Question

Use the estimate \(R_{N} \leq \int_{N}^{\infty} f(t) d t\) to find a bound for the remainder \(R_{N}=\sum_{n=1}^{\infty} a_{n}-\sum_{n=1}^{N} a_{n}\) where \(a_{n}=f(n)\). \(\sum_{n=1}^{1000} \frac{1}{n^{3}}\)

Short answer

The remainder is bounded by \( \frac{1}{2,000,000} \).

Step-by-step solution

Identify the Function

The first step is to identify the function represented by the series. Here, we are given that \( a_n = f(n) = \frac{1}{n^3} \). This function is the sequence term of the series \( \sum_{n=1}^{\infty} \frac{1}{n^3} \).
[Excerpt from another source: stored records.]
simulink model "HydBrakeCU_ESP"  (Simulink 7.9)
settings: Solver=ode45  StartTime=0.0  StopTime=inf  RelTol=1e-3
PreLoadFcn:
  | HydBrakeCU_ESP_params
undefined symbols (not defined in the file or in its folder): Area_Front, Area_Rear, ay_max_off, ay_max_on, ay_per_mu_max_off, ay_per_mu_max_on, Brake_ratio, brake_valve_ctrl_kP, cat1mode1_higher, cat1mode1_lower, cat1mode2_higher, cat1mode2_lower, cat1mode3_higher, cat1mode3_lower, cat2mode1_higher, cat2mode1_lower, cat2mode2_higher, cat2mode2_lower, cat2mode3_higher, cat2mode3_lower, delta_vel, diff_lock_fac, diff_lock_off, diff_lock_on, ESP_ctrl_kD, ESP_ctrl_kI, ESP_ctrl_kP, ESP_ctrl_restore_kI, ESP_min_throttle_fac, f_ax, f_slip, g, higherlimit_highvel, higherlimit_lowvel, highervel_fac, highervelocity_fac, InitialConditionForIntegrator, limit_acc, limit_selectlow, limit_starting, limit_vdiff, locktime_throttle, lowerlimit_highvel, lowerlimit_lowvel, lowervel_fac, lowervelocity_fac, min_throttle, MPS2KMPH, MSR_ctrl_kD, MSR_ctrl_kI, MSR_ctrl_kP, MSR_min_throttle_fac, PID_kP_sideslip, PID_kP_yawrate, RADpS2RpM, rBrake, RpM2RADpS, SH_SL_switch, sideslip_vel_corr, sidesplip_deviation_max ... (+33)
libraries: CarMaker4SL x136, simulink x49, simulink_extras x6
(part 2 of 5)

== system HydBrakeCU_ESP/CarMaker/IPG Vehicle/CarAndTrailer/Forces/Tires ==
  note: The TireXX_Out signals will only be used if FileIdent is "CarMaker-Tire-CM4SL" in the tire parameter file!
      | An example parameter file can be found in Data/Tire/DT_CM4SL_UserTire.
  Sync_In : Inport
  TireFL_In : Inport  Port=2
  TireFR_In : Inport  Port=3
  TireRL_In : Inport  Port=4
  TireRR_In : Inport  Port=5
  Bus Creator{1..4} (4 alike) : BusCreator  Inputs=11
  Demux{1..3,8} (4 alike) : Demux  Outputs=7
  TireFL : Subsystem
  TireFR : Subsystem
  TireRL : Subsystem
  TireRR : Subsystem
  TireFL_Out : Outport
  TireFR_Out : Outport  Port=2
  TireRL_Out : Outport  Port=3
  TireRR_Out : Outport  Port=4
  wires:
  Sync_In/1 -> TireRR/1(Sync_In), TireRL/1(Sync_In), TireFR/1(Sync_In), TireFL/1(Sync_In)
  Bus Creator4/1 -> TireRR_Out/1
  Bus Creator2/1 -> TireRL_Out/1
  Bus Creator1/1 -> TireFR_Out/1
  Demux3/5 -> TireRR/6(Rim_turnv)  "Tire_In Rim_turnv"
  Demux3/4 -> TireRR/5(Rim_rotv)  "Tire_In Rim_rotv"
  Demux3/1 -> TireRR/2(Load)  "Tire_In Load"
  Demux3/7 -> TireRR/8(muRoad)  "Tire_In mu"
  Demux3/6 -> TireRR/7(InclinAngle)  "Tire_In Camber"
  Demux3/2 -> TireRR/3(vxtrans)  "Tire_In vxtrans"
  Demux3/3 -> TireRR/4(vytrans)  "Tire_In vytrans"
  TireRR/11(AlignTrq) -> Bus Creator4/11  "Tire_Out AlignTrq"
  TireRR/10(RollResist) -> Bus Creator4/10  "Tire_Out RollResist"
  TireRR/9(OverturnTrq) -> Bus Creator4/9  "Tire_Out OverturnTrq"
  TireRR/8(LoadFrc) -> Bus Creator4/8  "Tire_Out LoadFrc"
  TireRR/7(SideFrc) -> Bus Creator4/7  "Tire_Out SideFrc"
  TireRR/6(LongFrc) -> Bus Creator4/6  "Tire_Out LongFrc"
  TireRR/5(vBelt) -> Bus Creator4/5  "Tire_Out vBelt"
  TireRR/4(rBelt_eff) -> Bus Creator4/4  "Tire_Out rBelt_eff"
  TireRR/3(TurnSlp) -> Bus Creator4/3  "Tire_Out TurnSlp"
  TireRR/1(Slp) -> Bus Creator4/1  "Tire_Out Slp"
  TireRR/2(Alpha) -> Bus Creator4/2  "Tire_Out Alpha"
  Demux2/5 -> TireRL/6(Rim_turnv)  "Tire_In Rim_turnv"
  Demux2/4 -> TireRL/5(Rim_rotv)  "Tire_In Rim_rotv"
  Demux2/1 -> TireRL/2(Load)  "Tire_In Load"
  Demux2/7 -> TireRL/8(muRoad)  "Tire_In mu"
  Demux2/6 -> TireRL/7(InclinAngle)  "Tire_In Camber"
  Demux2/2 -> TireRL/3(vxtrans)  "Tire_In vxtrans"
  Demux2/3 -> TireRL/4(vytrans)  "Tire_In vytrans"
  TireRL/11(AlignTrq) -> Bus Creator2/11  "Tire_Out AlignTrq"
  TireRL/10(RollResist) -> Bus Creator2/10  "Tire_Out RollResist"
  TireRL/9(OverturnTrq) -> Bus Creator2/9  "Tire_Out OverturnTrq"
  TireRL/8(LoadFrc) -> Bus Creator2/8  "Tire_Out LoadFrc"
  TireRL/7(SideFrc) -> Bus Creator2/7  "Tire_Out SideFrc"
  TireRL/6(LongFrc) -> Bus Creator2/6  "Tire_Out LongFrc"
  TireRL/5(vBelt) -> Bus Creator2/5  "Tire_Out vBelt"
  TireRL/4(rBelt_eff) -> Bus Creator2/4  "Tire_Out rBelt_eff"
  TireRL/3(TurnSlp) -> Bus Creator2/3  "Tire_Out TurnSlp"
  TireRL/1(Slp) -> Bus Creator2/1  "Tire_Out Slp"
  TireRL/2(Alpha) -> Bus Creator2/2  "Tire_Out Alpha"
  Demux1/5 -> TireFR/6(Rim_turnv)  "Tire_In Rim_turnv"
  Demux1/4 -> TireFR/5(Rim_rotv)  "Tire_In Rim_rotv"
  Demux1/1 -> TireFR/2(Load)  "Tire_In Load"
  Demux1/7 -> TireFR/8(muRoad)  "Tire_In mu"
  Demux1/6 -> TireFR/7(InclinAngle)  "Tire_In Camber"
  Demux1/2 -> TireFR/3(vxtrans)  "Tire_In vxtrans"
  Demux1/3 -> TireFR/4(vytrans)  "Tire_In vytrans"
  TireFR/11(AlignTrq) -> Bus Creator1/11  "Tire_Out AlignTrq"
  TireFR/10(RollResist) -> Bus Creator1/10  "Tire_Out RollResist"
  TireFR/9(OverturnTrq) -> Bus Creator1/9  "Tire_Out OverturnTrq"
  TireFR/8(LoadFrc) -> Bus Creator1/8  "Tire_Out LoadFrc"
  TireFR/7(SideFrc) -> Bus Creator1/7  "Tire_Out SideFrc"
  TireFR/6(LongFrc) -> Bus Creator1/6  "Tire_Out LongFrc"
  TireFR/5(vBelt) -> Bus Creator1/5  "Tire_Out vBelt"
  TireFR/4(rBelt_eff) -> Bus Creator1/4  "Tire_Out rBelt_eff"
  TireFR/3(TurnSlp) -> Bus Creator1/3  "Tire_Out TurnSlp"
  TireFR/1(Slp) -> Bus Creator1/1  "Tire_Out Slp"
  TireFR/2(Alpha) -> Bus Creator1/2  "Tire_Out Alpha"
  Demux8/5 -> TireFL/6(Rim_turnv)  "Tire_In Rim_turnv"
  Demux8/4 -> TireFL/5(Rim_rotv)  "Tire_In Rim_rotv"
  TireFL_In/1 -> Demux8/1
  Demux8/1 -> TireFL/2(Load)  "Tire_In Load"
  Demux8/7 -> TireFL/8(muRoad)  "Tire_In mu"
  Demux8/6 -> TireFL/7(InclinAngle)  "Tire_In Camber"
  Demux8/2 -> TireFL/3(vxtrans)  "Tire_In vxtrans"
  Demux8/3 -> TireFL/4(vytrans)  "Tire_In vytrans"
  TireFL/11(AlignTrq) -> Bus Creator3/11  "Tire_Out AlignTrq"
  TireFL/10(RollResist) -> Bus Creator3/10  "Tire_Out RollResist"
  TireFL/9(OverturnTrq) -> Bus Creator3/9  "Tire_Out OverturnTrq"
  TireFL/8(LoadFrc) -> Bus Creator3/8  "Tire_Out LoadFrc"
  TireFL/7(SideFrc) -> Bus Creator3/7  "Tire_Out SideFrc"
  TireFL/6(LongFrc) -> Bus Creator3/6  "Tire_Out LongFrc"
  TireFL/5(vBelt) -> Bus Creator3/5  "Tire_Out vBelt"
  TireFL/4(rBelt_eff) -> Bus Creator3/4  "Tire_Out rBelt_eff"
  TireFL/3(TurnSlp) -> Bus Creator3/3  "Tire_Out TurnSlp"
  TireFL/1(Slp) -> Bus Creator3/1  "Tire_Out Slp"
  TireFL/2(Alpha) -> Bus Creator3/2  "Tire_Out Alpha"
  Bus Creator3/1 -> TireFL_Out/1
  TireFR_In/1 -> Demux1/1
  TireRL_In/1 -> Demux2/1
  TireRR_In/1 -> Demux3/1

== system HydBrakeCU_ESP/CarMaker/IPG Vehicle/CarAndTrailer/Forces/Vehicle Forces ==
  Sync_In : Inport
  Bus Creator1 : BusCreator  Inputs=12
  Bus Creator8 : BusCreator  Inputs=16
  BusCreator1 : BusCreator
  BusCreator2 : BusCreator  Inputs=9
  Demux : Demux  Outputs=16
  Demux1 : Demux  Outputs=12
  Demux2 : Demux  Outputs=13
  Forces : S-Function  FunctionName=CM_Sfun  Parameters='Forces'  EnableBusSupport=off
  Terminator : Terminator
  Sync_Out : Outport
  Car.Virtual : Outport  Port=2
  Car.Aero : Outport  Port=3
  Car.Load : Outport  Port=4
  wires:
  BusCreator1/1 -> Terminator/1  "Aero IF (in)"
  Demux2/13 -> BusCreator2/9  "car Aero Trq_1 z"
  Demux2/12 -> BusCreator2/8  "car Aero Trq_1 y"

Rewrite the Remainder Bound Formula

Next, rewrite the remainder bound formula as \( R_N \leq \int_{N}^{\infty} f(t) \, dt \) using our function. For this problem, it becomes \( R_N \leq \int_{1000}^{\infty} \frac{1}{t^3} \, dt \) since we're summing up to \( N = 1000 \).

Set Up the Integral

Set up the improper integral \( \int_{1000}^{\infty} \frac{1}{t^3} \, dt \). This integral will be solved to find the bound on \( R_N \).

Solve the Integral

The antiderivative of \( \frac{1}{t^3} \) is \( -\frac{1}{2t^2} \). Evaluate the improper integral from 1000 to \( \infty \).\[ \int_{1000}^{\infty} \frac{1}{t^3} \, dt = \lim_{b \to \infty} \left[ -\frac{1}{2t^2} \right]_{1000}^{b} \] \[ = \lim_{b \to \infty} \left(-\frac{1}{2b^2} + \frac{1}{2(1000)^2}\right) \]As \( b \to \infty \), \(-\frac{1}{2b^2} \to 0\). So,\[ R_{1000} \leq \frac{1}{2 \times 1000^2} = \frac{1}{2,000,000} \].

Conclusion

We have computed the integral to find the remainder bound: \( R_{1000} \leq \frac{1}{2,000,000} \). Thus, the bound for the remainder of the series \( \sum_{n=1}^{\infty} \frac{1}{n^3} \) after the 1000th term is \( \frac{1}{2,000,000} \).

Key concepts

Improper Integrals

Improper integrals extend the concept of definite integrals to include intervals that are infinitely long or have unbounded functions. They are essential when dealing with functions that approach infinity. In these scenarios, we can't utilize standard integration methods since either the limits of integration or the function itself could be infinite. Instead, we use limits to express the idea of the integral.
For instance, when calculating the improper integral \( \int_{1000}^{\infty} \frac{1}{t^3} \, dt \), we replace the upper bound of infinity with a variable, like \( b \), and take the limit as \( b \to \infty \). Then, the integral is solved from 1000 to \( b \), allowing us to evaluate a definite value even when dealing with something seemingly boundless.
Such improper integrals are crucial when estimating series remainders because they help provide bounds for the sums that otherwise might be very challenging to calculate directly. It's a way of understanding the behavior of the series far beyond the finite cut-off point.

Convergence of Series

The convergence of an infinite series is a central topic in mathematical analysis. It determines whether a series approaches a finite limit as more terms are added, or whether it tends towards infinity or oscillates indefinitely.
The convergence of a series like \( \sum_{n=1}^{\infty} \frac{1}{n^3} \) can be tested using various methods, such as the integral test. This specific series is known as a p-series with \( p = 3 \). The integral test states that if \( f(n) = a_n \) is positive, continuous, and decreasing, then the series \( \sum_{n=1}^{\infty} a_n \) converges if the improper integral \( \int_{1}^{\infty} f(x) \, dx \) also converges.
If the integral converges, it implies that the original series also converges, thus confirming the sum of its infinite terms approaches a finite number. Strong understanding of series convergence is crucial for working out practical problems in calculus and analysis.

Antiderivatives

Antiderivatives, also known as indefinite integrals, are the reverse process of differentiation. Finding the antiderivative involves determining which function, when differentiated, leads to the integrand. In practical terms, having an antiderivative is vital for evaluating integrals and by extension improper integrals, which help bound series remainders.
For the function \( \frac{1}{t^3} \), we find its antiderivative by reversing the process of differentiation, yielding \( -\frac{1}{2t^2} \). This is key to solving \( \int_{1000}^{\infty} \frac{1}{t^3} \, dt \), allowing us to evaluate the improper integral by using limits and obtain a finite value.
Knowing how to compute antiderivatives allows us to understand the accumulation of quantities and compute areas and limits, making it a powerful tool in calculus.